Abstract:Whole Slide Image (WSI) analysis plays a crucial role in modern digital pathology, enabling large-scale feature extraction from tissue samples. However, traditional feature extraction pipelines based on tools like CellProfiler often involve lengthy workflows, requiring WSI segmentation into patches, feature extraction at the patch level, and subsequent mapping back to the original WSI. To address these challenges, we present PySpatial, a high-speed pathomics toolkit specifically designed for WSI-level analysis.

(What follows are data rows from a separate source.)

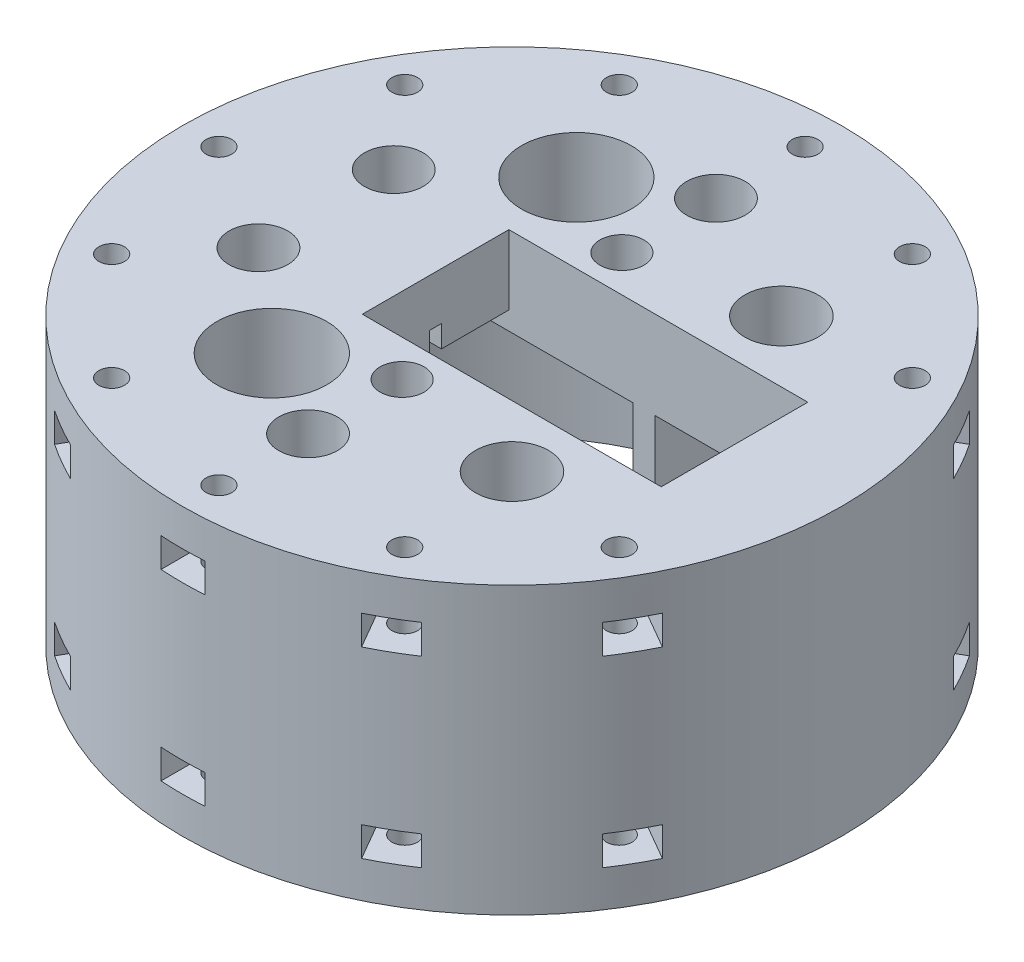
SolidWorks part; units mm, degrees
ref_plane "Front Plane" through (0, 0, 0) normal (0, 0, 1) x (1, 0, 0)
ref_plane "Top Plane" through (0, 0, 0) normal (0, 1, 0) x (1, 0, 0)
ref_plane "Right Plane" through (0, 0, 0) normal (1, 0, 0) x (0, 0, -1)
sketch "Sketch1" plane through (0, 0, 0) normal (0, 1, 0) x (1, 0, 0)
  line L0 (-43.0464, 0) -> (41.9462, 0) construction
  line L1 (0, 43.1152) -> (0, -41.8775) construction
  circle A1 centre (0, 0) radius 45
  dimension "D2" = 90
extrude "Boss-Extrude1" add sketch "Sketch1" along normal blind 39
sketch "Sketch2" plane through (0, 0, 0) normal (0, -1, 0) x (1, 0, 0)
  circle A0 centre (0, 0) radius 35
  dimension "D1" = 70
extrude "Cut-Extrude1" cut sketch "Sketch2" against normal blind 27
sketch "Sketch3" plane through (0, 27, 0) normal (0, -1, 0) x (1, 0, 0)
  line L0 (35, 0) -> (-35, 0) construction
  line L1 (0, -35) -> (0, 35) construction
  line L3 (37.5324, -10) -> (-17.4676, -10)
  line L4 (37.5324, -10) -> (37.5324, 10)
  line L5 (37.5324, 10) -> (-17.4676, 10)
  line L6 (-17.4676, -10) -> (-17.4676, 10)
  circle A0 centre (0, 0) radius 35 construction
  circle A1 centre (0, 0) radius 35 construction
  dimension "D1" = 20
  dimension "D2" = 55
  dimension "D3" = 10
  dimension "D4" = 37.5324
extrude "Cut-Extrude2" cut sketch "Sketch3" against normal blind 2.5 and the other way up to next
sketch "Sketch4" plane through (0, 29.5, 0) normal (0, -1, 0) x (1, 0, 0)
  line L0 (37.5324, 0) -> (-17.4676, 0) construction
  line L1 (37.5324, 10) -> (37.5324, -10) construction
  line L2 (-17.4676, 10) -> (-17.4676, -10) construction
  line L3 (0, -10) -> (0, 10) construction
  line L4 (-17.4676, -10) -> (33.541, -10) construction
  line L5 (33.541, 10) -> (-17.4676, 10) construction
  line L7 (30.3722, -10) -> (-10.4278, -10)
  line L8 (30.3722, -10) -> (30.3722, 10)
  line L9 (30.3722, 10) -> (-10.4278, 10)
  line L10 (-10.4278, -10) -> (-10.4278, 10)
  dimension "D1" = 20
  dimension "D2" = 40.8
  dimension "D3" = 30.3722
  dimension "D4" = 10
extrude "Cut-Extrude3" cut sketch "Sketch4" against normal blind 10.5
sketch "Sketch8" plane through (0, 27, 0) normal (0, -1, 0) x (1, 0, 0)
  line L0 (-17.4676, 0) -> (-35, 0) construction
  line L1 (-17.4676, 10) -> (-17.4676, -10) construction
  line L2 (8.0367, 10) -> (8.0367, 34.0648) construction
  line L3 (33.541, 10) -> (-17.4676, 10) construction
  line L4 (8.0367, -10) -> (8.0367, -29.3194) construction
  line L5 (-17.4676, -10) -> (33.541, -10) construction
  line L6 (6.5367, 10) -> (6.5367, 34.3842)
  line L7 (9.5367, 10) -> (9.5367, 33.6757)
  line L8 (9.5367, 10) -> (6.5367, 10)
  line L9 (9.5367, -10) -> (6.5367, -10)
  line L10 (6.5367, -10) -> (6.5367, -34.3842)
  line L11 (9.5367, -10) -> (9.5367, -33.6757)
  line L12 (-17.4676, 1.5) -> (-34.9678, 1.5)
  line L13 (-17.4676, -1.5) -> (-34.9678, -1.5)
  line L14 (-17.4676, 1.5) -> (-17.4676, -1.5)
  arc A0 (33.541, 10) -> (33.541, -10) centre (0, 0) ccw construction
  arc A1 (9.5367, 33.6757) -> (6.5367, 34.3842) centre (7.9531, 33.6757) ccw
  arc A2 (9.5367, -33.6757) -> (6.5367, -34.3842) centre (7.9531, -33.6757) cw
  arc A3 (-34.9678, 1.5) -> (-34.9678, -1.5) centre (-34.9678, 0) ccw
  dimension "D3" = 1.5
  dimension "D1" = 1.5
  dimension "D2" = 1.5
  dimension "D4" = 1.5
extrude "Boss-Extrude2" add sketch "Sketch8" along normal through all
sketch "Sketch13" plane through (0, 27, 0) normal (0, -1, 0) x (1, 0, 0)
  line L0 (0, 0) -> (0, 35) construction
  line L1 (0, 0) -> (-17.5, 30.3109) construction
  line L2 (0, 0) -> (-41.2446, 0) construction
  line L3 (-32.8892, 11.9707) -> (0, 0) construction
  line L5 (0, 0) -> (24.7487, 24.7487) construction
  arc A0 (6.5367, 34.3842) -> (-34.9678, 1.5) centre (0, 0) ccw construction
  circle A1 centre (-12, 20.7846) radius 7.5
  circle A2 centre (-25.3717, 9.2345) radius 4
  arc A3 (33.541, 10) -> (9.5367, 33.6757) centre (0, 0) ccw construction
  circle A4 centre (18.3848, 18.3848) radius 5
  circle A5 centre (18.3848, -18.3848) radius 5
  circle A6 centre (-12, -20.7846) radius 7.5
  circle A7 centre (-25.3717, -9.2345) radius 4
  circle A8 centre (0, -15) radius 3
  circle A9 centre (0, -27.8351) radius 4
  circle A10 centre (0, 27.8351) radius 4
  circle A11 centre (0, 15) radius 3
  dimension "D3" = 15
  dimension "D6" = 8
  dimension "D8" = 10
  dimension "D10" = 8
  dimension "D11" = 6
  dimension "D1" = 30
  dimension "D2" = 20
  dimension "D4" = 27
  dimension "D5" = 24
  dimension "D7" = 45
  dimension "D9" = 26
  dimension "D12" = 15
extrude "Cut-Extrude7" cut sketch "Sketch13" against normal through all
sketch "Sketch15" plane through (0, 0, -1.5) normal (0, 0, -1) x (-1, 0, 0)
  line L0 (34.9678, 0) -> (17.4676, 27)
  line L1 (17.4676, 27) -> (17.4676, 0)
  line L3 (17.4676, 0) -> (34.9678, 0)
extrude "Cut-Extrude8" cut sketch "Sketch15" against normal blind 3
sketch "Sketch16" plane through (0, 29.5, 0) normal (0, -1, 0) x (1, 0, 0)
  line L0 (-17.4676, 0) -> (37.5324, 0) construction
  line L1 (-17.4676, 10) -> (-17.4676, -10) construction
  line L2 (37.5324, -10) -> (37.5324, 10) construction
  line L3 (30.3722, -0.8) -> (37.5324, -0.8)
  line L4 (-10.4278, -0.8) -> (-17.4676, -0.8)
  line L5 (-10.4278, 10) -> (-10.4278, -10) construction
  line L6 (-10.4278, 0.8) -> (-17.4676, 0.8)
  line L7 (-17.4676, 0.8) -> (-17.4676, -0.8)
  line L8 (-10.4278, 0.8) -> (-10.4278, -0.8)
  line L9 (30.3722, -10) -> (30.3722, 10) construction
  line L10 (30.3722, 0.8) -> (37.5324, 0.8)
  line L11 (37.5324, 0.8) -> (37.5324, -0.8)
  line L12 (30.3722, 0.8) -> (30.3722, -0.8)
  dimension "D1" = 0.8
extrude "Cut-Extrude10" cut sketch "Sketch16" against normal blind 3
sketch "Sketch27" plane through (0, 0, 0) normal (0, -1, 0) x (1, 0, 0)
  line L0 (0, 0) -> (0, -53.17) construction
  line L1 (0, 0) -> (47.7582, -27.5732) construction
  line L3 (31.641, -18.2679) -> (31.641, -21.7321) construction
  line L4 (31.641, -21.7321) -> (34.641, -23.4641) construction
  line L5 (34.641, -23.4641) -> (37.641, -21.7321) construction
  line L6 (37.641, -21.7321) -> (37.641, -18.2679) construction
  line L7 (37.641, -18.2679) -> (34.641, -16.5359) construction
  line L8 (34.641, -16.5359) -> (31.641, -18.2679) construction
  circle A0 centre (0, 0) radius 40 construction
  circle A1 centre (34.641, -20) radius 1.75
  circle A2 centre (0, 0) radius 35 construction
  circle A3 centre (34.641, -20) radius 3 construction
  circle A4 centre (20, -34.641) radius 1.75
  circle A5 centre (0, -40) radius 1.75
  circle A6 centre (-20, -34.641) radius 1.75
  circle A7 centre (-34.641, -20) radius 1.75
  circle A8 centre (-40, 0) radius 1.75
  circle A9 centre (-34.641, 20) radius 1.75
  circle A10 centre (-20, 34.641) radius 1.75
  circle A11 centre (0, 40) radius 1.75
  circle A12 centre (20, 34.641) radius 1.75
  circle A13 centre (34.641, 20) radius 1.75
  circle A15 centre (40, 0) radius 1.75 [skipped]
  point P28 (0, 0)
  point P41 (0, 0)
  dimension "D1" = 80
  dimension "D3" = 3.5
  dimension "D4" = 70
  dimension "D5" = 6
  dimension "D6" = 12
  dimension "D2" = 60
extrude "Cut-Extrude15" cut sketch "Sketch27" against normal through all
ref_plane "Plane1" through (0, 34, 0) normal (0, 1, 0) x (1, 0, 0)
sketch "Sketch28" plane through (0, 34, 0) normal (0, 1, 0) x (1, 0, 0)
  line L0 (0, 0) -> (-54.493, 0) construction
  line L1 (-31.641, 18.2679) -> (-31.641, 21.7321)
  line L2 (-36.5359, 0) -> (-38.2679, 3)
  line L3 (-38.2679, 3) -> (-44.8999, 3)
  line L4 (-31.641, 21.7321) -> (-37.3844, 25.048)
  line L5 (-40.3844, 19.8519) -> (-34.641, 16.5359)
  line L6 (-44.8999, -3) -> (-38.2679, -3)
  line L7 (-38.2679, -3) -> (-36.5359, 0)
  line L8 (-43.4641, 0) -> (-42.5981, -1.5) [skipped]
  line L9 (-41.7321, 3) -> (-42.5981, 1.5) [skipped]
  line L10 (-34.641, 16.5359) -> (-31.641, 18.2679)
  line L11 (-18.2679, 31.641) -> (-16.5359, 34.641)
  line L12 (-16.5359, 34.641) -> (-19.8519, 40.3844)
  line L13 (-25.048, 37.3844) -> (-21.7321, 31.641)
  line L14 (-21.7321, 31.641) -> (-18.2679, 31.641)
  line L15 (0, 36.5359) -> (3, 38.2679)
  line L16 (3, 38.2679) -> (3, 44.8999)
  line L17 (-3, 44.8999) -> (-3, 38.2679)
  line L18 (-3, 38.2679) -> (0, 36.5359)
  line L19 (18.2679, 31.641) -> (21.7321, 31.641)
  line L20 (21.7321, 31.641) -> (25.048, 37.3844)
  line L21 (19.8519, 40.3844) -> (16.5359, 34.641)
  line L22 (16.5359, 34.641) -> (18.2679, 31.641)
  line L23 (31.641, 18.2679) -> (34.641, 16.5359)
  line L24 (34.641, 16.5359) -> (40.3844, 19.8519)
  line L25 (37.3844, 25.048) -> (31.641, 21.7321)
  line L26 (31.641, 21.7321) -> (31.641, 18.2679)
  line L31 (31.641, -18.2679) -> (31.641, -21.7321)
  line L32 (31.641, -21.7321) -> (37.3844, -25.048)
  line L33 (40.3844, -19.8519) -> (34.641, -16.5359)
  line L34 (34.641, -16.5359) -> (31.641, -18.2679)
  line L35 (18.2679, -31.641) -> (16.5359, -34.641)
  line L36 (16.5359, -34.641) -> (19.8519, -40.3844)
  line L37 (25.048, -37.3844) -> (21.7321, -31.641)
  line L38 (21.7321, -31.641) -> (18.2679, -31.641)
  line L39 (0, -36.5359) -> (-3, -38.2679)
  line L40 (-3, -38.2679) -> (-3, -44.8999)
  line L41 (3, -44.8999) -> (3, -38.2679)
  line L42 (3, -38.2679) -> (0, -36.5359)
  line L43 (-18.2679, -31.641) -> (-21.7321, -31.641)
  line L44 (-21.7321, -31.641) -> (-25.048, -37.3844)
  line L45 (-19.8519, -40.3844) -> (-16.5359, -34.641)
  line L46 (-16.5359, -34.641) -> (-18.2679, -31.641)
  line L47 (-31.641, -18.2679) -> (-34.641, -16.5359)
  line L48 (-34.641, -16.5359) -> (-40.3844, -19.8519)
  line L49 (-37.3844, -25.048) -> (-31.641, -21.7321)
  line L50 (-31.641, -21.7321) -> (-31.641, -18.2679)
  line L51 (36.5359, 0) -> (38.2679, -3) [skipped]
  line L52 (38.2679, -3) -> (44.8999, -3) [skipped]
  line L53 (44.8999, 3) -> (38.2679, 3) [skipped]
  line L54 (38.2679, 3) -> (36.5359, 0) [skipped]
  arc A0 (-44.8999, 3) -> (-44.8999, -3) centre (0, 0) ccw
  circle A1 centre (-40, 0) radius 3 construction
  arc A2 (-37.3844, 25.048) -> (-40.3844, 19.8519) centre (0, 0) ccw
  circle A3 centre (-34.641, 20) radius 3 construction
  arc A4 (-19.8519, 40.3844) -> (-25.048, 37.3844) centre (0, 0) ccw
  circle A5 centre (-20, 34.641) radius 3 construction
  arc A6 (3, 44.8999) -> (-3, 44.8999) centre (0, 0) ccw
  circle A7 centre (0, 40) radius 3 construction
  arc A8 (25.048, 37.3844) -> (19.8519, 40.3844) centre (0, 0) ccw
  circle A9 centre (20, 34.641) radius 3 construction
  arc A10 (40.3844, 19.8519) -> (37.3844, 25.048) centre (0, 0) ccw
  circle A11 centre (34.641, 20) radius 3 construction
  arc A14 (37.3844, -25.048) -> (40.3844, -19.8519) centre (0, 0) ccw
  circle A15 centre (34.641, -20) radius 3 construction
  arc A16 (19.8519, -40.3844) -> (25.048, -37.3844) centre (0, 0) ccw
  circle A17 centre (20, -34.641) radius 3 construction
  arc A18 (-3, -44.8999) -> (3, -44.8999) centre (0, 0) ccw
  circle A19 centre (0, -40) radius 3 construction
  arc A20 (-25.048, -37.3844) -> (-19.8519, -40.3844) centre (0, 0) ccw
  circle A21 centre (-20, -34.641) radius 3 construction
  arc A22 (-40.3844, -19.8519) -> (-37.3844, -25.048) centre (0, 0) ccw
  circle A23 centre (-34.641, -20) radius 3 construction
  arc A24 (44.8999, -3) -> (44.8999, 3) centre (0, 0) ccw [skipped]
  circle A25 centre (40, 0) radius 3 construction
  point P94 (0, 0)
  dimension "D1" = 90
  dimension "D2" = 6
  dimension "D3" = 12
extrude "Cut-Extrude17" cut sketch "Sketch28" against normal blind 4
ref_plane "Plane2" through (0, 5, 0) normal (0, -1, 0) x (-1, 0, 0)
sketch "Sketch30" plane through (0, 5, 0) normal (0, -1, 0) x (-1, 0, 0)
  line L0 (0, 0) -> (56.1913, 0) construction
  line L1 (31.641, -18.2679) -> (31.641, -21.7321)
  line L2 (36.5359, 0) -> (38.2679, -3)
  line L3 (38.2679, -3) -> (44.8999, -3)
  line L4 (31.641, -21.7321) -> (37.3844, -25.048)
  line L5 (40.3844, -19.8519) -> (34.641, -16.5359)
  line L6 (44.8999, 3) -> (38.2679, 3)
  line L7 (38.2679, 3) -> (36.5359, 0)
  line L8 (43.4641, 0) -> (42.5981, 1.5) [skipped]
  line L9 (41.7321, -3) -> (42.5981, -1.5) [skipped]
  line L10 (34.641, -16.5359) -> (31.641, -18.2679)
  line L11 (18.2679, -31.641) -> (16.5359, -34.641)
  line L12 (16.5359, -34.641) -> (19.8519, -40.3844)
  line L13 (25.048, -37.3844) -> (21.7321, -31.641)
  line L14 (21.7321, -31.641) -> (18.2679, -31.641)
  line L15 (0, -36.5359) -> (-3, -38.2679)
  line L16 (-3, -38.2679) -> (-3, -44.8999)
  line L17 (3, -44.8999) -> (3, -38.2679)
  line L18 (3, -38.2679) -> (0, -36.5359)
  line L19 (-18.2679, -31.641) -> (-21.7321, -31.641)
  line L20 (-21.7321, -31.641) -> (-25.048, -37.3844)
  line L21 (-19.8519, -40.3844) -> (-16.5359, -34.641)
  line L22 (-16.5359, -34.641) -> (-18.2679, -31.641)
  line L23 (-31.641, -18.2679) -> (-34.641, -16.5359)
  line L24 (-34.641, -16.5359) -> (-40.3844, -19.8519)
  line L25 (-37.3844, -25.048) -> (-31.641, -21.7321)
  line L26 (-31.641, -21.7321) -> (-31.641, -18.2679)
  line L31 (-31.641, 18.2679) -> (-31.641, 21.7321)
  line L32 (-31.641, 21.7321) -> (-37.3844, 25.048)
  line L33 (-40.3844, 19.8519) -> (-34.641, 16.5359)
  line L34 (-34.641, 16.5359) -> (-31.641, 18.2679)
  line L35 (-18.2679, 31.641) -> (-16.5359, 34.641)
  line L36 (-16.5359, 34.641) -> (-19.8519, 40.3844)
  line L37 (-25.048, 37.3844) -> (-21.7321, 31.641)
  line L38 (-21.7321, 31.641) -> (-18.2679, 31.641)
  line L39 (0, 36.5359) -> (3, 38.2679)
  line L40 (3, 38.2679) -> (3, 44.8999)
  line L41 (-3, 44.8999) -> (-3, 38.2679)
  line L42 (-3, 38.2679) -> (0, 36.5359)
  line L43 (18.2679, 31.641) -> (21.7321, 31.641)
  line L44 (21.7321, 31.641) -> (25.048, 37.3844)
  line L45 (19.8519, 40.3844) -> (16.5359, 34.641)
  line L46 (16.5359, 34.641) -> (18.2679, 31.641)
  line L47 (31.641, 18.2679) -> (34.641, 16.5359)
  line L48 (34.641, 16.5359) -> (40.3844, 19.8519)
  line L49 (37.3844, 25.048) -> (31.641, 21.7321)
  line L50 (31.641, 21.7321) -> (31.641, 18.2679)
  line L51 (-36.5359, 0) -> (-38.2679, 3) [skipped]
  line L52 (-38.2679, 3) -> (-44.8999, 3) [skipped]
  line L53 (-44.8999, -3) -> (-38.2679, -3) [skipped]
  line L54 (-38.2679, -3) -> (-36.5359, 0) [skipped]
  arc A0 (44.8999, -3) -> (44.8999, 3) centre (0, 0) ccw
  circle A1 centre (40, 0) radius 3 construction
  arc A2 (37.3844, -25.048) -> (40.3844, -19.8519) centre (0, 0) ccw
  circle A3 centre (34.641, -20) radius 3 construction
  arc A4 (19.8519, -40.3844) -> (25.048, -37.3844) centre (0, 0) ccw
  circle A5 centre (20, -34.641) radius 3 construction
  arc A6 (-3, -44.8999) -> (3, -44.8999) centre (0, 0) ccw
  circle A7 centre (0, -40) radius 3 construction
  arc A8 (-25.048, -37.3844) -> (-19.8519, -40.3844) centre (0, 0) ccw
  circle A9 centre (-20, -34.641) radius 3 construction
  arc A10 (-40.3844, -19.8519) -> (-37.3844, -25.048) centre (0, 0) ccw
  circle A11 centre (-34.641, -20) radius 3 construction
  arc A14 (-37.3844, 25.048) -> (-40.3844, 19.8519) centre (0, 0) ccw
  circle A15 centre (-34.641, 20) radius 3 construction
  arc A16 (-19.8519, 40.3844) -> (-25.048, 37.3844) centre (0, 0) ccw
  circle A17 centre (-20, 34.641) radius 3 construction
  arc A18 (3, 44.8999) -> (-3, 44.8999) centre (0, 0) ccw
  circle A19 centre (0, 40) radius 3 construction
  arc A20 (25.048, 37.3844) -> (19.8519, 40.3844) centre (0, 0) ccw
  circle A21 centre (20, 34.641) radius 3 construction
  arc A22 (40.3844, 19.8519) -> (37.3844, 25.048) centre (0, 0) ccw
  circle A23 centre (34.641, 20) radius 3 construction
  arc A24 (-44.8999, 3) -> (-44.8999, -3) centre (0, 0) ccw [skipped]
  circle A25 centre (-40, 0) radius 3 construction
  point P94 (0, 0)
  dimension "D1" = 90
  dimension "D2" = 6
  dimension "D3" = 12
extrude "Cut-Extrude19" cut sketch "Sketch30" against normal blind 4
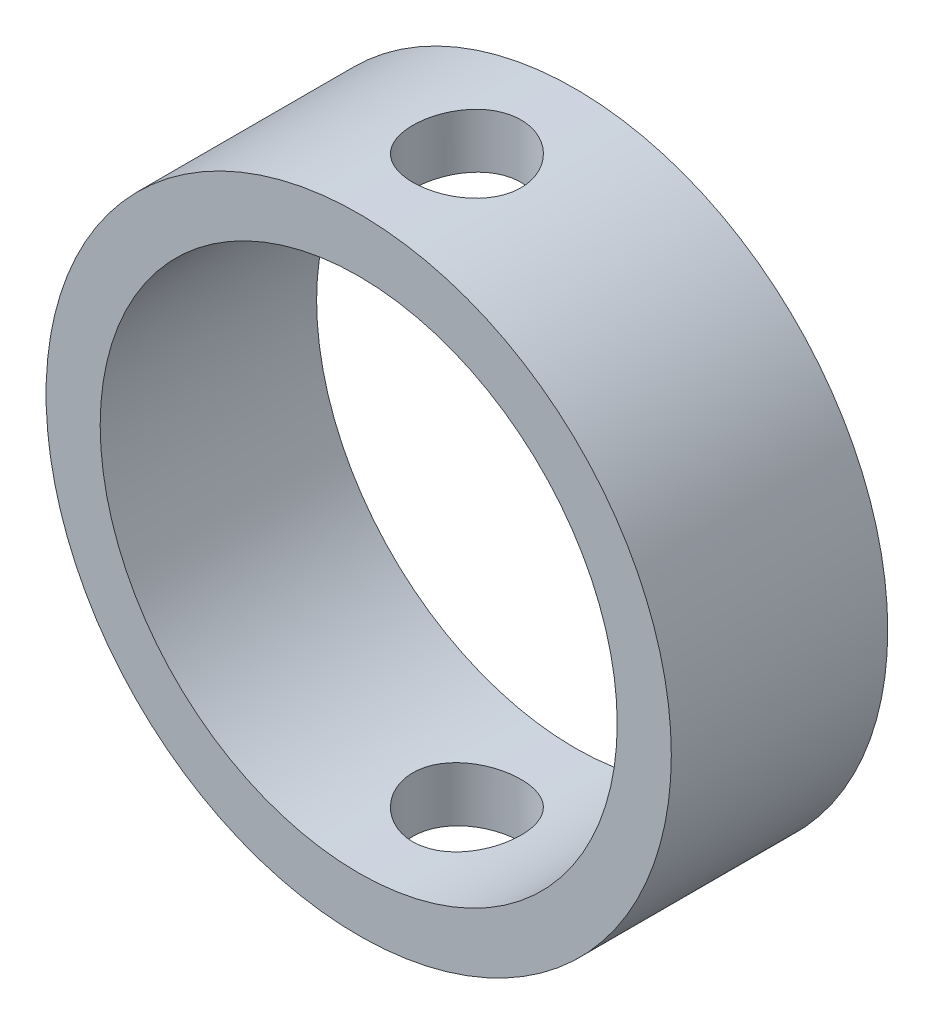
SolidWorks part; units mm, degrees
ref_plane "Front" through (0, 0, 0) normal (0, 0, 1) x (1, 0, 0)
ref_plane "Top" through (0, 0, 0) normal (0, 1, 0) x (1, 0, 0)
ref_plane "Right" through (0, 0, 0) normal (1, 0, 0) x (0, 0, -1)
sketch "Sketch1" plane through (0, 0, 0) normal (0, 0, 1) x (1, 0, 0)
  circle A0 centre (0, 0) radius 36.6889
  circle A1 centre (0, 0) radius 30.3389
  dimension "D1" = 6.35
  dimension "D2" = 73.3778
extrude "Ring" add sketch "Sketch1" along normal blind 12.7 and the other way blind 12.7
sketch "Sketch5" plane through (0, 0, 0) normal (0, 1, 0) x (1, 0, 0)
  circle A0 centre (0, 0) radius 6.35
extrude "Shaft Hole" cut sketch "Sketch5" against normal through all and the other way through all

PySpatial streamlines the conventional pipeline by directly operating on computational regions of interest, reducing redundant processing steps. Utilizing rtree-based spatial indexing and matrix-based computation, PySpatial efficiently maps and processes computational regions, significantly accelerating feature extraction while maintaining high accuracy. Our experiments on two datasets-Perivascular Epithelioid Cell (PEC) and data from the Kidney Precision Medicine Project (KPMP)-demonstrate substantial performance improvements. For smaller and sparse objects in PEC datasets, PySpatial achieves nearly a 10-fold speedup compared to standard CellProfiler pipelines. For larger objects, such as glomeruli and arteries in KPMP datasets, PySpatial achieves a 2-fold speedup. These results highlight PySpatial's potential to handle large-scale WSI analysis with enhanced efficiency and accuracy, paving the way for broader applications in digital pathology.